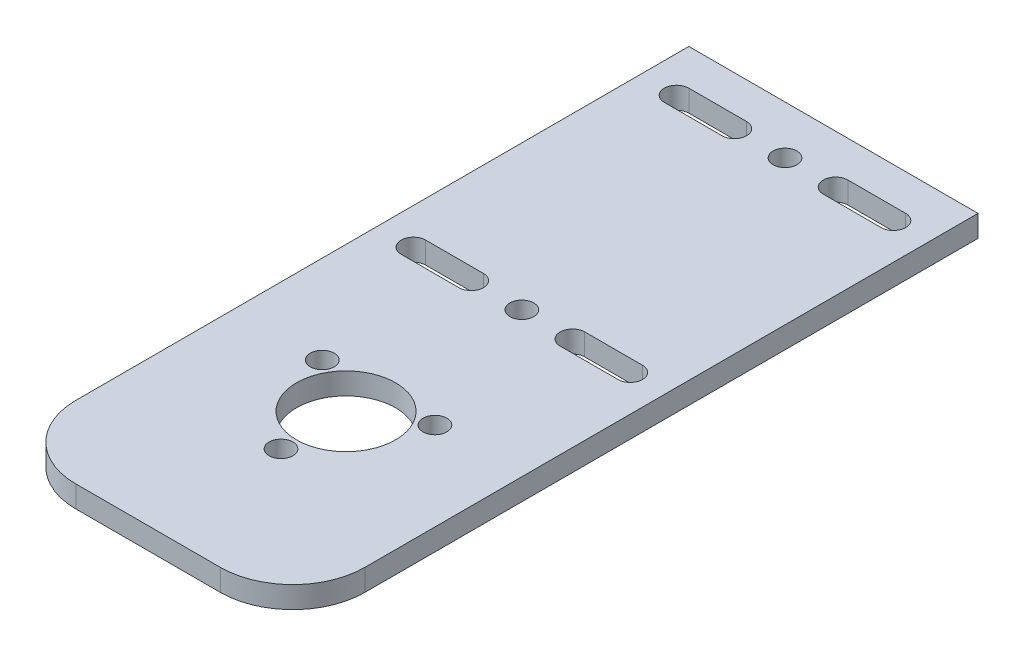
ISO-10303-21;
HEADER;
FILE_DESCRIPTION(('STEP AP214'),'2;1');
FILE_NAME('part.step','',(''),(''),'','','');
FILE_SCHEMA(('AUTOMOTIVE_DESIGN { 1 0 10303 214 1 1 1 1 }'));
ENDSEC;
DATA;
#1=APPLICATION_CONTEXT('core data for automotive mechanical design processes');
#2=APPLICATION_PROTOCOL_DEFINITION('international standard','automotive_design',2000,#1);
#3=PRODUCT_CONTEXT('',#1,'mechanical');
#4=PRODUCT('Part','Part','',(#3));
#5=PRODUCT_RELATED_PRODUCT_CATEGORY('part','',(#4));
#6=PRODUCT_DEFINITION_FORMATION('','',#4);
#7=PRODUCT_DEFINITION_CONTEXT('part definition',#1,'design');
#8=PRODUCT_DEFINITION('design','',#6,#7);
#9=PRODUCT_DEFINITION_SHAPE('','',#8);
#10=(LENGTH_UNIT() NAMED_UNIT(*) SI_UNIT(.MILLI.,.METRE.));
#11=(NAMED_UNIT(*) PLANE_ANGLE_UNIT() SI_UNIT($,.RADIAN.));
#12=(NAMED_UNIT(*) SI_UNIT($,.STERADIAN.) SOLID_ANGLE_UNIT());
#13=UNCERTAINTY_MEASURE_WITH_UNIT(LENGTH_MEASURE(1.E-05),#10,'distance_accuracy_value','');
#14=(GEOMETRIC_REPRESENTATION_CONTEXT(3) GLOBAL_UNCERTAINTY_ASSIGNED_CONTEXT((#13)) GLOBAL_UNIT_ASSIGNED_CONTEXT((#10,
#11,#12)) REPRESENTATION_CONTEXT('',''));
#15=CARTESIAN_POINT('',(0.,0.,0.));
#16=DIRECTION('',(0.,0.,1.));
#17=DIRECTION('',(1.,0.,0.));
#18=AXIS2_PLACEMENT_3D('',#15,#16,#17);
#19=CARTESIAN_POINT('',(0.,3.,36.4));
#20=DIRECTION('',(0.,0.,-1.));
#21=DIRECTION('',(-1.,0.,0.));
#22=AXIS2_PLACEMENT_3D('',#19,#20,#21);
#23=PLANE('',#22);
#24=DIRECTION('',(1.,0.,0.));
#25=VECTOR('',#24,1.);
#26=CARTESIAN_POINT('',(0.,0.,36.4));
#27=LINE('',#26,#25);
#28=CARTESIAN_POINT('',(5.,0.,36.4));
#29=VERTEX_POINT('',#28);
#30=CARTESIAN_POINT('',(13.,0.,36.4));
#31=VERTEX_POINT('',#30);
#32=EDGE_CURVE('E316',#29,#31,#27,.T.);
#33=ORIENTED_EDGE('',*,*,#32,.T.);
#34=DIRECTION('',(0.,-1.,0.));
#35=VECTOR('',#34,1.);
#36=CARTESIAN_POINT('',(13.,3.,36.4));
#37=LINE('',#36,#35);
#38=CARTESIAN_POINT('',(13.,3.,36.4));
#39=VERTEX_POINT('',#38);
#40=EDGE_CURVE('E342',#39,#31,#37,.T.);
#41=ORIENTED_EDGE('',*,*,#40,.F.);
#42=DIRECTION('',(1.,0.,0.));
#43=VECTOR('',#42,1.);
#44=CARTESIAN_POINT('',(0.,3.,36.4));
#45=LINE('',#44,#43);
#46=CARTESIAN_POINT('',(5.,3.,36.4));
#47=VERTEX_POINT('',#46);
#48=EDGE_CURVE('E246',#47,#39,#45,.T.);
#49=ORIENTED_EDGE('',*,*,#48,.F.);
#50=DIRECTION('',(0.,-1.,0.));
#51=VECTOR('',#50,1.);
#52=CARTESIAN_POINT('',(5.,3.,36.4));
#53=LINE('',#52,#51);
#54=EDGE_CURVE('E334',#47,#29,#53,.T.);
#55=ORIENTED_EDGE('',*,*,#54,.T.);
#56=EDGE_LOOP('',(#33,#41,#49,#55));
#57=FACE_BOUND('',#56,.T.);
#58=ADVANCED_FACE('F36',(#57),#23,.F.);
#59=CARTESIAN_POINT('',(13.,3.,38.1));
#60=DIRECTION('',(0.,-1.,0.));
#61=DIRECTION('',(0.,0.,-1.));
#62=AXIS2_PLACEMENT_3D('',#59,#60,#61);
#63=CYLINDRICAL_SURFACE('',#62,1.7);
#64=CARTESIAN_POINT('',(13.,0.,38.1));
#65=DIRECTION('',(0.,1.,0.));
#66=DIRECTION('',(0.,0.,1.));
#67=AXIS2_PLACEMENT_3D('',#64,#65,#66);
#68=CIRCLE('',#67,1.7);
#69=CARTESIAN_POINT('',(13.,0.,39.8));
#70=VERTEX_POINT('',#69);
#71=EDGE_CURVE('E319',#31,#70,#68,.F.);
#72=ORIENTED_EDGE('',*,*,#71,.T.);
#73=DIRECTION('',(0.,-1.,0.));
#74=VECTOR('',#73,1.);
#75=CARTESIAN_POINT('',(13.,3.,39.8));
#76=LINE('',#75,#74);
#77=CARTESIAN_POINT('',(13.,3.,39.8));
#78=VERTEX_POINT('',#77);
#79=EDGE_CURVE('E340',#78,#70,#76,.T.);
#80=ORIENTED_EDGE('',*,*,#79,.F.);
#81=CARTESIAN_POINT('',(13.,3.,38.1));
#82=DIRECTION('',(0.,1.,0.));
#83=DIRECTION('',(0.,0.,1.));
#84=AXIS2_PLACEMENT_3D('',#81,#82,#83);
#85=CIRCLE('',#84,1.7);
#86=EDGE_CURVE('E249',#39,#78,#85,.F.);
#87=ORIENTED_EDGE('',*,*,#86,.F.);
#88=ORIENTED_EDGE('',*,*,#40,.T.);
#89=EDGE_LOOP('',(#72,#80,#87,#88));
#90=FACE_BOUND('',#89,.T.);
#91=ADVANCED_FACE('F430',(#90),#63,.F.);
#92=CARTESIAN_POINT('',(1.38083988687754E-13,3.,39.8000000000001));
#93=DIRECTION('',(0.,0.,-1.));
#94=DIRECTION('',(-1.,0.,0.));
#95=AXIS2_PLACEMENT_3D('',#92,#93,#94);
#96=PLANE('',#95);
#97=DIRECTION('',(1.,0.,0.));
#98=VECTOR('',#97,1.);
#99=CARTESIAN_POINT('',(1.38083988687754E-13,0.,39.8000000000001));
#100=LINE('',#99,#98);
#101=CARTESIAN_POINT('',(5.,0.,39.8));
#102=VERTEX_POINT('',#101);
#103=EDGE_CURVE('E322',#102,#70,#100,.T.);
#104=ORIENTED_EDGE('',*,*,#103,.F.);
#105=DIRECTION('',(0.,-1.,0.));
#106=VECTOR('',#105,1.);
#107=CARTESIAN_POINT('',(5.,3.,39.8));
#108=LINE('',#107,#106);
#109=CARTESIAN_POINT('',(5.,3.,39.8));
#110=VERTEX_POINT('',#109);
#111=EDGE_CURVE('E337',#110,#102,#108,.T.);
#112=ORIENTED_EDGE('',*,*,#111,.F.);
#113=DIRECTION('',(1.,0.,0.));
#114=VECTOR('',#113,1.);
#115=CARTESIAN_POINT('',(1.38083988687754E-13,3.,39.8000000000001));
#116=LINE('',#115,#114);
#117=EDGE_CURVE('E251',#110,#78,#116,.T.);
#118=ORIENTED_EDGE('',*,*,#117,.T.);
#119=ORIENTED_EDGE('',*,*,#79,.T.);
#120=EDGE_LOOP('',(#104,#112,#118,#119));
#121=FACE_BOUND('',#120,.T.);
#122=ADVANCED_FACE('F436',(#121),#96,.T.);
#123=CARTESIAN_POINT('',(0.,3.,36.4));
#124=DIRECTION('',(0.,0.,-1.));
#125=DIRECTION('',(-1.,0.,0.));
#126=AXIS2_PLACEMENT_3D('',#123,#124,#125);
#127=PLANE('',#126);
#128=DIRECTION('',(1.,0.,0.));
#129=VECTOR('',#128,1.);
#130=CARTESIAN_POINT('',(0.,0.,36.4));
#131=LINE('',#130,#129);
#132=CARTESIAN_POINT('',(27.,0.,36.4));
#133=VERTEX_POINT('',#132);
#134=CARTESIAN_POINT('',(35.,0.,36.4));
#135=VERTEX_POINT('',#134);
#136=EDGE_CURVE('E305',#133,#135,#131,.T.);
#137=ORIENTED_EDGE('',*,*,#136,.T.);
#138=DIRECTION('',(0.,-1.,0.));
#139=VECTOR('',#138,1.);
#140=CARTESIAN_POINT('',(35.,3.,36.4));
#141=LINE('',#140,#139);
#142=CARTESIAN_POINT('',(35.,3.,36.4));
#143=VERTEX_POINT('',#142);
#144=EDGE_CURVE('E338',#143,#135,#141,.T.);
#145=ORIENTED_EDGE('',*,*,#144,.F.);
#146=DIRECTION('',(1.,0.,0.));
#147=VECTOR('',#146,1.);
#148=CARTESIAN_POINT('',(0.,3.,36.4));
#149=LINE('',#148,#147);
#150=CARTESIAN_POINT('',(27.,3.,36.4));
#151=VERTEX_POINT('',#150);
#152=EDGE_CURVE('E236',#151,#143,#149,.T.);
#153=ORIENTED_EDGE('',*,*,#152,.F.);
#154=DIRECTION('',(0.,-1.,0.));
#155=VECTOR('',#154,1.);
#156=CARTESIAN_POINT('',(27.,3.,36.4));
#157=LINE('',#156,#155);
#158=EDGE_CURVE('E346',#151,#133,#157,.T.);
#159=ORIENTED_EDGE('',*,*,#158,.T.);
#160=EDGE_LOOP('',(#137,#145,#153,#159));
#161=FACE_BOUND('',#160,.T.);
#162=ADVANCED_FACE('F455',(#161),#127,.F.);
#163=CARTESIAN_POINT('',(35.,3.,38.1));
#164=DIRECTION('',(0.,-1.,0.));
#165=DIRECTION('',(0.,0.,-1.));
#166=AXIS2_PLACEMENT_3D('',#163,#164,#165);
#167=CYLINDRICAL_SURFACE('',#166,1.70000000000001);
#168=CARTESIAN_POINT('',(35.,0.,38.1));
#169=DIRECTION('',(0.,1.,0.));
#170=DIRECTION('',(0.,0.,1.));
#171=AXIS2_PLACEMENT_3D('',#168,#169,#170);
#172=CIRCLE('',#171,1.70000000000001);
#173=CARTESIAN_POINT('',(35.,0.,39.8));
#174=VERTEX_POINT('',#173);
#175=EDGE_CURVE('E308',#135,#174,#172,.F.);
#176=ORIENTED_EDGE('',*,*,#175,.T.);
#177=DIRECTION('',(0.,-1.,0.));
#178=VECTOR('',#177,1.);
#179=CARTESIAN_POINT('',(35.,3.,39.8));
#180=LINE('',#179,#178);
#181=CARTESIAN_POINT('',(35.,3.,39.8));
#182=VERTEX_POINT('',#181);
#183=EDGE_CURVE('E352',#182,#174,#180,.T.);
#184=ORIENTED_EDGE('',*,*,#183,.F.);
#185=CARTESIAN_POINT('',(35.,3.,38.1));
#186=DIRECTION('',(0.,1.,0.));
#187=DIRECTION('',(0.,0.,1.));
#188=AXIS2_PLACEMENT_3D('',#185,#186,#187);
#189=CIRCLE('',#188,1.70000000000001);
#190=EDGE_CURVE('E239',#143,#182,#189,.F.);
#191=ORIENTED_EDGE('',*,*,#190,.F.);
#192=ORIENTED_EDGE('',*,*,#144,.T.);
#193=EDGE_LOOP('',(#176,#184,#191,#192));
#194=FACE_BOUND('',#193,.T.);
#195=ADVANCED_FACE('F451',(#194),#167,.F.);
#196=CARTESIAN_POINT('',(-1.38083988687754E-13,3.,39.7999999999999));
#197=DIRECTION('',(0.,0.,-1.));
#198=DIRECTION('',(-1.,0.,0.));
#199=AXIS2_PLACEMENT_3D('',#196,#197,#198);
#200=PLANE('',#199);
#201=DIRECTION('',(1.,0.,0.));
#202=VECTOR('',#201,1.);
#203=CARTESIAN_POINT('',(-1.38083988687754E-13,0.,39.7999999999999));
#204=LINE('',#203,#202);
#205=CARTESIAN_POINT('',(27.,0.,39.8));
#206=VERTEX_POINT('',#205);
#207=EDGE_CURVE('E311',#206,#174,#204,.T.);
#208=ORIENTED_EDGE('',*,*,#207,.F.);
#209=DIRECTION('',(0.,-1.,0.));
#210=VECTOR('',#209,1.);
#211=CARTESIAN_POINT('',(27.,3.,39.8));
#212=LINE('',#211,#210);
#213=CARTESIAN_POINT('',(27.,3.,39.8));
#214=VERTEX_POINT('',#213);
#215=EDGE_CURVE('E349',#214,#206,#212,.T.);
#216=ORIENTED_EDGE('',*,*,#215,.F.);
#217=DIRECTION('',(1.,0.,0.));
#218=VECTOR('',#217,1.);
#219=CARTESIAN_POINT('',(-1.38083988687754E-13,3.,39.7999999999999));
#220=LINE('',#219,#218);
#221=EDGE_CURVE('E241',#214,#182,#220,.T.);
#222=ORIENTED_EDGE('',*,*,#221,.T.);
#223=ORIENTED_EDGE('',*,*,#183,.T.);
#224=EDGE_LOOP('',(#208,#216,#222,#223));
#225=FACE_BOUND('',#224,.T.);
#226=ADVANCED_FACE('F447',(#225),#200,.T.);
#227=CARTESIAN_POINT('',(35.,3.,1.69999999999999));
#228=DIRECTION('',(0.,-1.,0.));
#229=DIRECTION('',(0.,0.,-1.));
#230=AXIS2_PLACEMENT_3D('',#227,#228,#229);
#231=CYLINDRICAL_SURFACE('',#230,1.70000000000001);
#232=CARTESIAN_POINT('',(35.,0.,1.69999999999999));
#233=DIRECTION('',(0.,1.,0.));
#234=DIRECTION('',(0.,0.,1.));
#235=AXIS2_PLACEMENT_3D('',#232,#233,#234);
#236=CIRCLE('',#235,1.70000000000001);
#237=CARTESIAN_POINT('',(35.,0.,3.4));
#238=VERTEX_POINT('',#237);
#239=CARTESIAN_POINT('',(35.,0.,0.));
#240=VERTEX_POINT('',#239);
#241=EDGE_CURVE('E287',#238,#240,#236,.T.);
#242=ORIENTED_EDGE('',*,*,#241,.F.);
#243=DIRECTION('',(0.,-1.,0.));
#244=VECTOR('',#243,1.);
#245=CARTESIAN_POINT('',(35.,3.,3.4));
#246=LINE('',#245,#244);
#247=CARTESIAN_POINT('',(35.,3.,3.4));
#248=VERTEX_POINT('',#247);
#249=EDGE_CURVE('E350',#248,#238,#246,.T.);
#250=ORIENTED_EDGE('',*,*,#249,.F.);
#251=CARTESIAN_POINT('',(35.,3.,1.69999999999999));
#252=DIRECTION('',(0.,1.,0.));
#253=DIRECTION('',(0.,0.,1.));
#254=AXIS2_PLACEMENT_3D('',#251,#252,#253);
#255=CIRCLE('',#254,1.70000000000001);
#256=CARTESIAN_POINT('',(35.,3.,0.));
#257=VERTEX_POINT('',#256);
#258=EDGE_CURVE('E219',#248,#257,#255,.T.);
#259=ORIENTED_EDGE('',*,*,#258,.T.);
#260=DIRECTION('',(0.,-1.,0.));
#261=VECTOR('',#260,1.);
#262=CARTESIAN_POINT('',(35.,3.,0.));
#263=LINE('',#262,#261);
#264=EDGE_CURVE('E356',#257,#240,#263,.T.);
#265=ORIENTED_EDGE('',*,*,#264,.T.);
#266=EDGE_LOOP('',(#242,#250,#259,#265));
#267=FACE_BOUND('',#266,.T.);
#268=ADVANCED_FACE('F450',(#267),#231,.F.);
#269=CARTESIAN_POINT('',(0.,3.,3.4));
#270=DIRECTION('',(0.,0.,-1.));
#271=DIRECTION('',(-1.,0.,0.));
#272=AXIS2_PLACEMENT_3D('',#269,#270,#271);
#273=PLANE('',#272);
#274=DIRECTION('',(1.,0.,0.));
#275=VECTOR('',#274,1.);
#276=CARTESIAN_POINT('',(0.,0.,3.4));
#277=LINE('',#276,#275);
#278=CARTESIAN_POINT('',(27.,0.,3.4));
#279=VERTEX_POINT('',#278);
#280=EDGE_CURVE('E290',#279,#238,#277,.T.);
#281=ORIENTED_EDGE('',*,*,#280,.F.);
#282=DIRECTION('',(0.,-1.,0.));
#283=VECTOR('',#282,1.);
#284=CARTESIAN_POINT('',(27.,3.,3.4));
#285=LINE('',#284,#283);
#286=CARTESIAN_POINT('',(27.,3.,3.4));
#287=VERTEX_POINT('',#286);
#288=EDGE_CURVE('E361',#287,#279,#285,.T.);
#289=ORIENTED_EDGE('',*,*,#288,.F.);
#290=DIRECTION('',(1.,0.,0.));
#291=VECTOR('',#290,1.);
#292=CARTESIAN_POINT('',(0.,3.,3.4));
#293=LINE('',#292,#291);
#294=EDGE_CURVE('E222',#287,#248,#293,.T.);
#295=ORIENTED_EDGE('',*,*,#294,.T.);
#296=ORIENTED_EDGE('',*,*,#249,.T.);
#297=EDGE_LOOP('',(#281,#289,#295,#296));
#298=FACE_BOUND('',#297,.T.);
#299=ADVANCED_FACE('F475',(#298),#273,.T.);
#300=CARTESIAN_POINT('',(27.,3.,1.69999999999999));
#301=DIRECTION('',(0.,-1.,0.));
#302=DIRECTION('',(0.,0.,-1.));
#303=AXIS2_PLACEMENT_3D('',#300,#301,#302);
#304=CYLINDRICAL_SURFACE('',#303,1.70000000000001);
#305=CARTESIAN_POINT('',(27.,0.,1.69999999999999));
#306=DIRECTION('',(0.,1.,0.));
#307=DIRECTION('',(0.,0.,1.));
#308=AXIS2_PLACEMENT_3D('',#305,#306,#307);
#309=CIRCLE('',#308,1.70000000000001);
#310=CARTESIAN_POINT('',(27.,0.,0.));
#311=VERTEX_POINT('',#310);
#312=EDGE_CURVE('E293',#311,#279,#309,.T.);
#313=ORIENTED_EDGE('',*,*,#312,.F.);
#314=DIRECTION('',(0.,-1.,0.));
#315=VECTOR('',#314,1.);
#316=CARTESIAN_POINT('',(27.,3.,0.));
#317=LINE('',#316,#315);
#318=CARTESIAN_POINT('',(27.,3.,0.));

———

:: Exercise directions ::
Reproduce only the lines from the beginning of the data through the line that contains "#5=PRODUCT_RELATED_PRODUCT_CATEGORY('part','',(#4));", both included, and please drop the pictures.

:: Task result ::
ISO-10303-21;
HEADER;
FILE_DESCRIPTION(('STEP AP214'),'2;1');
FILE_NAME('part.step','',(''),(''),'','','');
FILE_SCHEMA(('AUTOMOTIVE_DESIGN { 1 0 10303 214 1 1 1 1 }'));
ENDSEC;
DATA;
#1=APPLICATION_CONTEXT('core data for automotive mechanical design processes');
#2=APPLICATION_PROTOCOL_DEFINITION('international standard','automotive_design',2000,#1);
#3=PRODUCT_CONTEXT('',#1,'mechanical');
#4=PRODUCT('Part','Part','',(#3));
#5=PRODUCT_RELATED_PRODUCT_CATEGORY('part','',(#4));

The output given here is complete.